Discussion in 'Pro Audio Equipment' started by achille, May 6, 2006.
Some of us try to record audio with a DVD-recorder ? (Panasonic, Sony)
achille, could you have possibly specified whether you are speaking of a standalone DVD recorder that you buy at a local discount electronics store or one that resides inside your computer?
If you are referring to the ones inside your computer, most of those are totally adequate for recording CDDA audio CDs, in DISK AT ONCE mode. You can also use a DVD as an ROM archival backup, for your recorded projects.
Now if you're speaking in terms of recording DVD- A or, DVD audio discs, that's a bird of a different color. That usually requires a specific kind of computer program software and are not generally available on standalone DVD recorders.
If you want to use the audio inputs on a standalone DVD recorder, I think you might find that you'll also need to supply the DVD recorder with a video input source to function properly? That can certainly be accomplished with a simple camcorder video output to video input on the DVD recorder. That way the DVD recorder has all of the synchronization signals that the video provides and the recorder needs to see in order to record anything.
So what exactly are you trying to accomplish? Many DVD player/recorders have the ability to reproduce 24-bit audio but I don't believe many of them can record 24-bit audio? I believe they are only really capable of recording 16-bit audio at 48kHz sampling. Please specify?
I prefer an Edison roll recorder
Ms. Remy Ann David
Ok the DVD recorder his a consumer DVD recorder with a 160 GB hard drive, the idea his to record two tracks of classical music, some DVD recorder have 24 bits capability, I dont know if there's an automatic compressor when you record like the VHS machines.
That's possibly an interresting machine for recording (with SPDIF enter or fireWire)
OK, I have similar standalone DVD recorders that I use for numerous live video shoots as backup along with its associated audio track. My biggest complaint about these types of recorders is that they do not possess any kind of audio metering at all! Totally lame when they could have put in a $.50 5 segment LED volume meter! So unless you know what kind of levels you are inputting and what the sensitivity of the inputs on that particular unit is along with its headroom, you could end up with abysmal results.

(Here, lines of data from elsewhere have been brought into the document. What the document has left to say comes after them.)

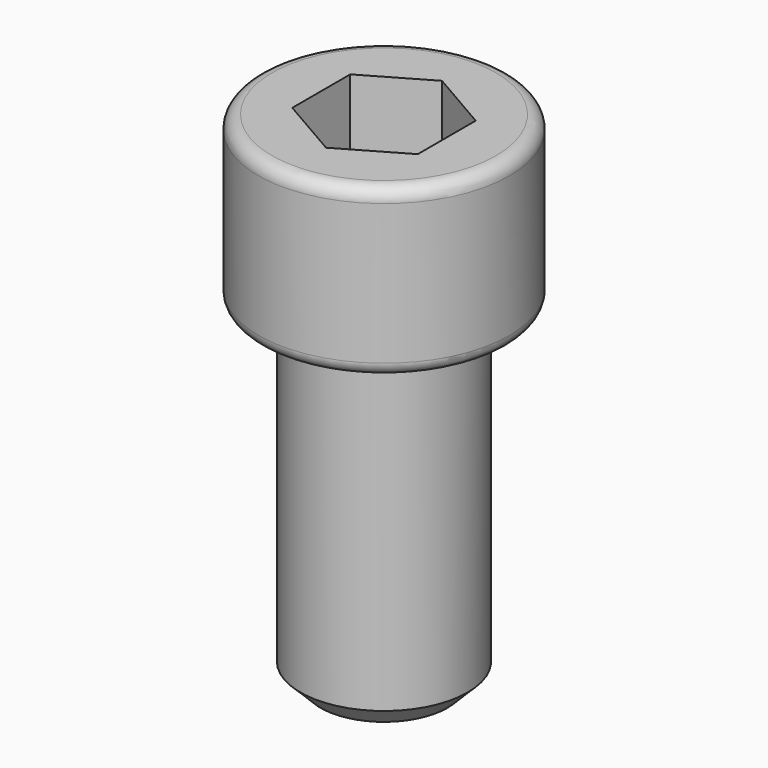
from build123d import *

# Parameters (mm, degrees)
F1_R     = 4.7625
F4_DEPTH = 6.35
F6_DEPTH = 4.826
F2_R     = 3.175
F7_DEPTH = 12.7
F9_SIZE2 = 0.762
F9_SIZE  = 0.762
F10_R    = 0.508


# Not quite as in the source:
# - the program builds the solid bodies; features that only make, move or delete a surface that nothing else refers to are left out


with BuildPart() as f4:
    # F1 (on Top) → F4 (new body)
    with BuildSketch(Plane.XY):
        Circle(F1_R)
    extrude(amount=F4_DEPTH)

    # F5 (on face) → F6 (cut)
    with BuildSketch(Plane.XY.offset(6.35)):
        Polygon((2.38125, -1.3748153285), (2.38125, 1.3748153285), (0, 2.749630657), (-2.38125, 1.3748153285), (-2.38125, -1.3748153285), (0, -2.749630657), align=None)
    extrude(amount=-F6_DEPTH, mode=Mode.SUBTRACT)

    # F2 (on Top) → F7 (join)
    with BuildSketch(Plane.XY):
        Circle(F2_R)
    extrude(amount=-F7_DEPTH)

    # F9
    f9_edges = [f4.edges().sort_by_distance(p)[0] for p in [
        (-3.175, 0, -12.7),
    ]]
    chamfer(f9_edges, length=F9_SIZE, length2=F9_SIZE2)

    # F10
    f10_edges = [f4.edges().sort_by_distance(p)[0] for p in [
        (-4.7625, 0, 6.35),
        (-4.7625, 0, 0),
    ]]
    fillet(f10_edges, radius=F10_R)


solid = f4.part

Basically one thing you don't want to do with any device that uses RCA inputs like most of these consumer oriented machines do, is to feed it a studio + 4 DB, 1.25 volt level input. That will most definitely overload those consumer RCA inputs which in all likelihood want to see something similar to the Teac/TASCAM type -10 DB, .3 volt, input level which is closer to consumer product levels. Plus many of those units also contain AVC or automatic volume control. Now we're not talking good compression here but lousy overworked lame sounding automatic volume control. I don't think these units like you're looking at have that problem as I have not experienced that yet on my Sony DVD recorders. They also don't really record at 24 bits, sorry Charlie. They record at 16-bit 48kHz. They can however frequently playback 24-bit audio from commercially replicated DVDs.
They also will not record on CDs. Only DVDs will they record on. So I am unclear as to what you are trying to accomplish? Why not just invest in something like the Alesis MasterLink standalone CD recorder? It too has a built-in hard disk drive but they take it quite a bit further by offering equalization, compression and limiting and other mastering capabilities that would be much more advantageous for you if you actually want a stand alone optical disk CD recorder, for music purposes.
Of course if you are into the jam band scene, you can always put the DVD recorder into 6 hour mode! Try that with a CD?!?! Of course you can do that with the MasterLink onto its hard drive but you can't fit all of that onto a CD, no matter how PHAT you want your sound to be.
Phatter than I need to be
Ms. Remy Ann David
This thread reminds me of the time (long long ago now) when a VHS HiFi Machine was the poor man's digital. Some Toshiba units even DID have LED input meters and defeatable AGC, and there was even a model (the DX7 or DX9, I think? - the VHS Machine, not the Yamaha Keyboard) that did 14 and 16 bit digital audio as well.
But there were times in a pinch where we'd run our old Sony F1 digital system in/out of the Video track, and (at the same time) record audio into the analog inputs and we'd have a built in backup system going. (once in a while to experient, we'd try four tracks of something, but there was an offset/delay between the two methods, and this was long before DAW's that could fix that sort of thing easily enough.)
It's been a long time for the VHS HiFI, and so far I've never tried recording anything serious into a DVDr, but it might work. I'd guess there's some auto level going on, but how much you'd have to find out by doing some testing. (And most definitely gotta go with -10 level, unbalanced RCA jacks.)
In a pinch, you might be able to run a backup stereo track to save your butt on something, but otherwise, it's probably better to just stick with something safer and more reliable. Heck, the solid state recorders from Marantz, Fostex, and Tascam are getting cheap enough now to soon make it a non-issue.